What you have to do:
Set down again exactly the lines of the listing below that fall between the line holding "#232=ORIENTED_EDGE('',*,*,#179,.T.);" and the line holding "#279=DIRECTION('',(0.,1.,0.));", inclusive.

Source information:
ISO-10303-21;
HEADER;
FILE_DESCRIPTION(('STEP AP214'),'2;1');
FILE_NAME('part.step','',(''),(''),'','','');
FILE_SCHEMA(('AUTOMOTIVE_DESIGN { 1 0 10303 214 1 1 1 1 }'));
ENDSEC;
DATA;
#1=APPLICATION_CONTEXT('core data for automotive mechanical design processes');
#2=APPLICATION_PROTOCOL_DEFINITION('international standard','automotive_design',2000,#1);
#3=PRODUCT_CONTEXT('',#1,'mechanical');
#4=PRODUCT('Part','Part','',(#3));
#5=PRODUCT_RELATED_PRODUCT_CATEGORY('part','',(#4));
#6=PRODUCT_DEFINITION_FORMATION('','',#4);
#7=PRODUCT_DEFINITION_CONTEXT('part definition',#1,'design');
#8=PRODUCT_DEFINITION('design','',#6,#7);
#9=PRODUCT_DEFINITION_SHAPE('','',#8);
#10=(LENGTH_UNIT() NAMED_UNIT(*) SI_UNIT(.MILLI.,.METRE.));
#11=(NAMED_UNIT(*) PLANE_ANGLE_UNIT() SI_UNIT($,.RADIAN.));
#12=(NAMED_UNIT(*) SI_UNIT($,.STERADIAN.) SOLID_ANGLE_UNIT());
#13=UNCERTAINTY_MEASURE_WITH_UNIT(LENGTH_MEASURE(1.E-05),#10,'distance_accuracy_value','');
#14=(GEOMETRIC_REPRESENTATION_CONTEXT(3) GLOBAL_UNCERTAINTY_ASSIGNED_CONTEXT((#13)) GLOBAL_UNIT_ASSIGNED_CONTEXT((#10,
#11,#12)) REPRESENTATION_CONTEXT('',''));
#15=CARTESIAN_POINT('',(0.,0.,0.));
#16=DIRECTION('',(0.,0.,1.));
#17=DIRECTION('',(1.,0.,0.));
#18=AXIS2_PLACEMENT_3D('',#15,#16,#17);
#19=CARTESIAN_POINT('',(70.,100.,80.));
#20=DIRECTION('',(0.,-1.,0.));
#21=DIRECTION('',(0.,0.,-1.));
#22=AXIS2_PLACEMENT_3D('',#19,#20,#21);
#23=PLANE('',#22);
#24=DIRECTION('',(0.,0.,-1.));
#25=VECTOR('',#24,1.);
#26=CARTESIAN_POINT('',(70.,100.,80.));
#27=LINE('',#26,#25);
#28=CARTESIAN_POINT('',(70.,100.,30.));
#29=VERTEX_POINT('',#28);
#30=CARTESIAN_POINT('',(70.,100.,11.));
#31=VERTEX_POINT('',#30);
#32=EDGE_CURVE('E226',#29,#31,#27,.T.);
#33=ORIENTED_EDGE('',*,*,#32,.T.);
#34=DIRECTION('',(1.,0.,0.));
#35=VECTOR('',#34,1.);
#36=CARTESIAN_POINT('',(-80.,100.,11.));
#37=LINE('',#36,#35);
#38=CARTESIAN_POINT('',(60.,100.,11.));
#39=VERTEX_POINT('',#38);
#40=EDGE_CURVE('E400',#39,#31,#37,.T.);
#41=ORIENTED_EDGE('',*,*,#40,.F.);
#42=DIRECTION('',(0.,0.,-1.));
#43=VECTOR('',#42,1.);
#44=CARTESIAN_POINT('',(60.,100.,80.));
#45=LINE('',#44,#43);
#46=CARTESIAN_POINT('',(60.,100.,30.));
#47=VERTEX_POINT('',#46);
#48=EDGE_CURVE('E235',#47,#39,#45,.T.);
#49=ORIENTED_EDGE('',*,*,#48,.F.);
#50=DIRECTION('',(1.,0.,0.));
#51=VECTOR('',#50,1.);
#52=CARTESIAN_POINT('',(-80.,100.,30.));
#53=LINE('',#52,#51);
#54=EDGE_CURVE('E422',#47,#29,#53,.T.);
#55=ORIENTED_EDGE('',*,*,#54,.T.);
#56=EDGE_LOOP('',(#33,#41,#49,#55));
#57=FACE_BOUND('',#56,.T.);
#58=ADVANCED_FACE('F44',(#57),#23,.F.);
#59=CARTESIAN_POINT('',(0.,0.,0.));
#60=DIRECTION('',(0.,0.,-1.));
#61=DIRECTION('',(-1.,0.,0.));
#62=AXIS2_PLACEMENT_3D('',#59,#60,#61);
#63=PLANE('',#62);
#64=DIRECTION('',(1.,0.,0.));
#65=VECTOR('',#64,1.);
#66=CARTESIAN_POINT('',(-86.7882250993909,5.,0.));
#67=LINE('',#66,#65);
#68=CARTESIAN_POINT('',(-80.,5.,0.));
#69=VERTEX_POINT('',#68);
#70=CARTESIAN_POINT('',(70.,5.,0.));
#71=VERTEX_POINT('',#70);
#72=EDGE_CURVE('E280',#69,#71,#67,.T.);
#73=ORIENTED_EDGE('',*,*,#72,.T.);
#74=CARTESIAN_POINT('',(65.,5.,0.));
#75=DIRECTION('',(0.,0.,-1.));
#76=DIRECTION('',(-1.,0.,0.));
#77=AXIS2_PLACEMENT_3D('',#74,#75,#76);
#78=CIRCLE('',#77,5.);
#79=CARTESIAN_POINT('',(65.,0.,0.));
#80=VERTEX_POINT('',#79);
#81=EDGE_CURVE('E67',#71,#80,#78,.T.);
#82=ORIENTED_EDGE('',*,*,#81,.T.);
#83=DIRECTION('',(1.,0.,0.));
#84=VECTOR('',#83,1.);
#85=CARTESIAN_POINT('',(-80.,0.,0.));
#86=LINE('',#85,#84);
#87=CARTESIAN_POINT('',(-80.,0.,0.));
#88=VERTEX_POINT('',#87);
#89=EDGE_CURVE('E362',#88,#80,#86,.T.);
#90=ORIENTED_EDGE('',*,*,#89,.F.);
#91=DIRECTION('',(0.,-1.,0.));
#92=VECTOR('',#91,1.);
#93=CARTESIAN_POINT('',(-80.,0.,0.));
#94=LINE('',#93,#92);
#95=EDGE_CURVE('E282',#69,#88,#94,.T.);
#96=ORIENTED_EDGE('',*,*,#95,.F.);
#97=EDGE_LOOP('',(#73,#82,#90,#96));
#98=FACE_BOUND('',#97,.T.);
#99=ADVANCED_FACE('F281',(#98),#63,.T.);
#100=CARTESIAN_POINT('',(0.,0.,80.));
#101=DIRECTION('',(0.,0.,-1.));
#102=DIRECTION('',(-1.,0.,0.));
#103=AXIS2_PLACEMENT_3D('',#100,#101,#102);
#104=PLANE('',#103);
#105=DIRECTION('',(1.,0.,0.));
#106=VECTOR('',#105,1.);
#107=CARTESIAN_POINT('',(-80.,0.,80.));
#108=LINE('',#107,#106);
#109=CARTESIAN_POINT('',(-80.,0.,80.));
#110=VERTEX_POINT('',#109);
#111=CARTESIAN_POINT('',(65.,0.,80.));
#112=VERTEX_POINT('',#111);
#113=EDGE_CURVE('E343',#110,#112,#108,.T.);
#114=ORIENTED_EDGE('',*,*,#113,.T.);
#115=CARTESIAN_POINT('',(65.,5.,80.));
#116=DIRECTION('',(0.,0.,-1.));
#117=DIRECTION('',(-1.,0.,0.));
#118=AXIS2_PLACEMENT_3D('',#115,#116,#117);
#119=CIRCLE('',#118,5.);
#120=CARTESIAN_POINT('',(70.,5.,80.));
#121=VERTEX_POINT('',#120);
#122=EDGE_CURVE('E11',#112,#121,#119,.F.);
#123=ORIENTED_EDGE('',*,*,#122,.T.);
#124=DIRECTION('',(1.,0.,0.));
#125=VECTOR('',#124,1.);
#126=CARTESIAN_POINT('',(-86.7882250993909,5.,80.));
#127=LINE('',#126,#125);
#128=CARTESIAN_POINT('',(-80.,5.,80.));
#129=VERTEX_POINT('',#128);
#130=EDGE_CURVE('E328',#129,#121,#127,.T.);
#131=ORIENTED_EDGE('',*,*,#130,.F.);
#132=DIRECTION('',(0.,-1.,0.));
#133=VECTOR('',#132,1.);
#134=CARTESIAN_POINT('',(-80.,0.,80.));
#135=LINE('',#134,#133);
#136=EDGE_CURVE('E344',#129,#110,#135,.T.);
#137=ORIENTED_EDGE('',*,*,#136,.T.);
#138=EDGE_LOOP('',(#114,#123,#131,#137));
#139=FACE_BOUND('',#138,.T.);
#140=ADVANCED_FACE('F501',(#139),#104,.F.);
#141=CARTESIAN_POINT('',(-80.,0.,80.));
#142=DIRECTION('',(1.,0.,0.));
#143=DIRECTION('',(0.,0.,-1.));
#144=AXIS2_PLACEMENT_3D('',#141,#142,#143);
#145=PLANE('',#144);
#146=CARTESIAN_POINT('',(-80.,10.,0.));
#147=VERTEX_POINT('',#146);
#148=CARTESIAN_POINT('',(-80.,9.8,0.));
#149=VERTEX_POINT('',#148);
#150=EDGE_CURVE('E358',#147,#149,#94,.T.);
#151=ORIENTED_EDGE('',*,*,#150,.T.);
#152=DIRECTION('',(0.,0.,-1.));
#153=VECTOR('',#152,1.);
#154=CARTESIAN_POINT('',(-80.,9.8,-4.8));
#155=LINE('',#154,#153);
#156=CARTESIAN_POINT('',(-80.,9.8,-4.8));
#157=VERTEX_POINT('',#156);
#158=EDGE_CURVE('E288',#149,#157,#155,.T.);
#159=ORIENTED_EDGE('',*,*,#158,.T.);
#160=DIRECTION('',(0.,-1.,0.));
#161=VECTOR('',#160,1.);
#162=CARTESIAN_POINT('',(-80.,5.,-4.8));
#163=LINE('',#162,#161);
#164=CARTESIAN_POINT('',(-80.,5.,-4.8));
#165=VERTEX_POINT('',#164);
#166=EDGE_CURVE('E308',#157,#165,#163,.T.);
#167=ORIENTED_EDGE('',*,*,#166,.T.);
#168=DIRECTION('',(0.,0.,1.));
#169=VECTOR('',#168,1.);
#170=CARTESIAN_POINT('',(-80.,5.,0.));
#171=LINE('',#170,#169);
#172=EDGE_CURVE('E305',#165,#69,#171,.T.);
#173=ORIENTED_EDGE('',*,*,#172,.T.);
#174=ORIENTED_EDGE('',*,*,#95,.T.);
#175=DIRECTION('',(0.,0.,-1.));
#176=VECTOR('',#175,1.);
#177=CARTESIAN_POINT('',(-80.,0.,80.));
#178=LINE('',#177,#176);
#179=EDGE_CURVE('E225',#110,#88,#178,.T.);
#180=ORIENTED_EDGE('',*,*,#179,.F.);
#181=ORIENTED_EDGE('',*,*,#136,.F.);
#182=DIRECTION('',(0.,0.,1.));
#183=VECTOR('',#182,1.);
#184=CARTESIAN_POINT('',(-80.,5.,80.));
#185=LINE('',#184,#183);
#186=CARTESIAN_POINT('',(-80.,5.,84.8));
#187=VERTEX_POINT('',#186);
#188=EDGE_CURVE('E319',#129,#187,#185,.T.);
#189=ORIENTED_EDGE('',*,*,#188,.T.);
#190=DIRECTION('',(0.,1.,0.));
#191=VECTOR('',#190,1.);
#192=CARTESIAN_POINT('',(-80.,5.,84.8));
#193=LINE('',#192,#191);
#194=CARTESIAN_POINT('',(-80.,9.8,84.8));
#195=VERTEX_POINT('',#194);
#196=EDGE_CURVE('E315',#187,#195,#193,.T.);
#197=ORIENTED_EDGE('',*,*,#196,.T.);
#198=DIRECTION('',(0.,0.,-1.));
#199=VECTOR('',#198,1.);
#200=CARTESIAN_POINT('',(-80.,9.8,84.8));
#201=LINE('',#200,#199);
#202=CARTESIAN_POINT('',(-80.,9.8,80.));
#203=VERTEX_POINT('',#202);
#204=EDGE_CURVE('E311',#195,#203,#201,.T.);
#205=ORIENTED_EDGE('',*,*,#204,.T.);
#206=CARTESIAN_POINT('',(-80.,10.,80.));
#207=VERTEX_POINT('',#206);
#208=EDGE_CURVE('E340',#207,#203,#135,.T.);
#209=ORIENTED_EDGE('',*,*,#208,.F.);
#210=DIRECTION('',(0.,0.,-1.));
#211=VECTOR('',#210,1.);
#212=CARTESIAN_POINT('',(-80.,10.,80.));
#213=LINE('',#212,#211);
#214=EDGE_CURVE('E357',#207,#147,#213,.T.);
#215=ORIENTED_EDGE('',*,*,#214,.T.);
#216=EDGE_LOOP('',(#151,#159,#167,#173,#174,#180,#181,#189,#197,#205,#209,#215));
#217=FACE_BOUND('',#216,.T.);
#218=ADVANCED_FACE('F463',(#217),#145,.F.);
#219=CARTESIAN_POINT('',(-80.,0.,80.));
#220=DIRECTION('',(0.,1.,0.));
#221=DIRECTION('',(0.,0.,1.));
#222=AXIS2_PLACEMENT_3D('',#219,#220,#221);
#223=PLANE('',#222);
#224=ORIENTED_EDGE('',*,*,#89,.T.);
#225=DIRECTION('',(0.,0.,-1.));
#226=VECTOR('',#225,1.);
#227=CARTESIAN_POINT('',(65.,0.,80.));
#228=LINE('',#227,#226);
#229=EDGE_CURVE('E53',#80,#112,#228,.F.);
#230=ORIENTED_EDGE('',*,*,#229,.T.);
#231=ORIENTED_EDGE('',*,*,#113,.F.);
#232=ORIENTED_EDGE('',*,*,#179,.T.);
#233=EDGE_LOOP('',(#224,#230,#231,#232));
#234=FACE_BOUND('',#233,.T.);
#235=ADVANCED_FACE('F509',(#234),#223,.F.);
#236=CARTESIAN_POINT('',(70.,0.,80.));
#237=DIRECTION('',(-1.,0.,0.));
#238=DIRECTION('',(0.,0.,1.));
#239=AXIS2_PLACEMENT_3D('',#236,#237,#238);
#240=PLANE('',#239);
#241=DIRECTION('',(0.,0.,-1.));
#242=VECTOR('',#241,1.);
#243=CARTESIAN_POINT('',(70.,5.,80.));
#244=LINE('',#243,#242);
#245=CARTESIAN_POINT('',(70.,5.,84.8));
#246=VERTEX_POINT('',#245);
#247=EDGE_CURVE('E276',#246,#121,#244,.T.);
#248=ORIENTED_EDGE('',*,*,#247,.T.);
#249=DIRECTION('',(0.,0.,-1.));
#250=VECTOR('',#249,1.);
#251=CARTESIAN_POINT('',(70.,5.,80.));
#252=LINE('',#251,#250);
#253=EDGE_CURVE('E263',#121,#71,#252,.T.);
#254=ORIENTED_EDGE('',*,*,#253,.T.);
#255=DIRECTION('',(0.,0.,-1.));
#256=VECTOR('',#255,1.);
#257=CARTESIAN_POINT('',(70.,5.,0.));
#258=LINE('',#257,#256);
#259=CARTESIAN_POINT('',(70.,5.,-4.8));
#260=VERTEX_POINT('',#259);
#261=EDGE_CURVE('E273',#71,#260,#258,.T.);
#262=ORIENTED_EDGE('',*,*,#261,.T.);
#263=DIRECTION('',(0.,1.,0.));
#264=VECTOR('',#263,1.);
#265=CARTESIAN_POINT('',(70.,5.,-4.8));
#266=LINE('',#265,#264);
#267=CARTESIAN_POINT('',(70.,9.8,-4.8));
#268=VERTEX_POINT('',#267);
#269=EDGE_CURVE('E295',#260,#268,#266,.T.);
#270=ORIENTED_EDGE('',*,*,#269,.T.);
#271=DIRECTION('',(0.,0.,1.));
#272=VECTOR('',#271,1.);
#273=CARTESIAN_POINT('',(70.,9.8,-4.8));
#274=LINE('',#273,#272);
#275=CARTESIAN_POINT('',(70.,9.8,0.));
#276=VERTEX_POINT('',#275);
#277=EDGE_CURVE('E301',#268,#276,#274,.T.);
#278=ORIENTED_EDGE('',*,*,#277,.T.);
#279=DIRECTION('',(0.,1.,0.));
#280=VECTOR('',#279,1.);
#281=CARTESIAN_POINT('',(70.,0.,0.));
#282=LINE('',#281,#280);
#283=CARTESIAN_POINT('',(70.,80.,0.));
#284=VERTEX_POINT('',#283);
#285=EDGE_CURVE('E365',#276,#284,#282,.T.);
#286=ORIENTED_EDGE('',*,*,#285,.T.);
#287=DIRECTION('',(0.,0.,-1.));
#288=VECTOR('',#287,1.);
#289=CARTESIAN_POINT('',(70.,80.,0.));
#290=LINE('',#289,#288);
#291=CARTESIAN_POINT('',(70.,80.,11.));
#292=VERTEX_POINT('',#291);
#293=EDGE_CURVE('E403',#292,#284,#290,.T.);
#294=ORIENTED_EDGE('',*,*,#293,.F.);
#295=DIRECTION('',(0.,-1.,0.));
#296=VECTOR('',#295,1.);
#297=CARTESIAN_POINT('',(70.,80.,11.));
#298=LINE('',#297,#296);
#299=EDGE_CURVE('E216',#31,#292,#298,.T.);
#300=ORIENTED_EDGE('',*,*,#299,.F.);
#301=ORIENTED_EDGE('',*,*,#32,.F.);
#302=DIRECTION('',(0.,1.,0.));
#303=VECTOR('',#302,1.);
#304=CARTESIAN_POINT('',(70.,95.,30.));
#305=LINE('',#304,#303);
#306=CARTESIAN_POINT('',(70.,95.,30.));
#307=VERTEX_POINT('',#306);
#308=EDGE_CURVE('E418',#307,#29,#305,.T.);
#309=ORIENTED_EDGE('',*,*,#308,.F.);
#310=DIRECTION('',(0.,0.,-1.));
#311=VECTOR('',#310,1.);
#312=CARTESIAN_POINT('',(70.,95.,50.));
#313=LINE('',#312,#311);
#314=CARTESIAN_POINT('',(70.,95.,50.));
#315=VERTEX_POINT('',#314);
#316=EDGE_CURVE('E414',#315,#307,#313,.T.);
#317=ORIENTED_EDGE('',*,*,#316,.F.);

Result of this exercise:
#232=ORIENTED_EDGE('',*,*,#179,.T.);
#233=EDGE_LOOP('',(#224,#230,#231,#232));
#234=FACE_BOUND('',#233,.T.);
#235=ADVANCED_FACE('F509',(#234),#223,.F.);
#236=CARTESIAN_POINT('',(70.,0.,80.));
#237=DIRECTION('',(-1.,0.,0.));
#238=DIRECTION('',(0.,0.,1.));
#239=AXIS2_PLACEMENT_3D('',#236,#237,#238);
#240=PLANE('',#239);
#241=DIRECTION('',(0.,0.,-1.));
#242=VECTOR('',#241,1.);
#243=CARTESIAN_POINT('',(70.,5.,80.));
#244=LINE('',#243,#242);
#245=CARTESIAN_POINT('',(70.,5.,84.8));
#246=VERTEX_POINT('',#245);
#247=EDGE_CURVE('E276',#246,#121,#244,.T.);
#248=ORIENTED_EDGE('',*,*,#247,.T.);
#249=DIRECTION('',(0.,0.,-1.));
#250=VECTOR('',#249,1.);
#251=CARTESIAN_POINT('',(70.,5.,80.));
#252=LINE('',#251,#250);
#253=EDGE_CURVE('E263',#121,#71,#252,.T.);
#254=ORIENTED_EDGE('',*,*,#253,.T.);
#255=DIRECTION('',(0.,0.,-1.));
#256=VECTOR('',#255,1.);
#257=CARTESIAN_POINT('',(70.,5.,0.));
#258=LINE('',#257,#256);
#259=CARTESIAN_POINT('',(70.,5.,-4.8));
#260=VERTEX_POINT('',#259);
#261=EDGE_CURVE('E273',#71,#260,#258,.T.);
#262=ORIENTED_EDGE('',*,*,#261,.T.);
#263=DIRECTION('',(0.,1.,0.));
#264=VECTOR('',#263,1.);
#265=CARTESIAN_POINT('',(70.,5.,-4.8));
#266=LINE('',#265,#264);
#267=CARTESIAN_POINT('',(70.,9.8,-4.8));
#268=VERTEX_POINT('',#267);
#269=EDGE_CURVE('E295',#260,#268,#266,.T.);
#270=ORIENTED_EDGE('',*,*,#269,.T.);
#271=DIRECTION('',(0.,0.,1.));
#272=VECTOR('',#271,1.);
#273=CARTESIAN_POINT('',(70.,9.8,-4.8));
#274=LINE('',#273,#272);
#275=CARTESIAN_POINT('',(70.,9.8,0.));
#276=VERTEX_POINT('',#275);
#277=EDGE_CURVE('E301',#268,#276,#274,.T.);
#278=ORIENTED_EDGE('',*,*,#277,.T.);
#279=DIRECTION('',(0.,1.,0.));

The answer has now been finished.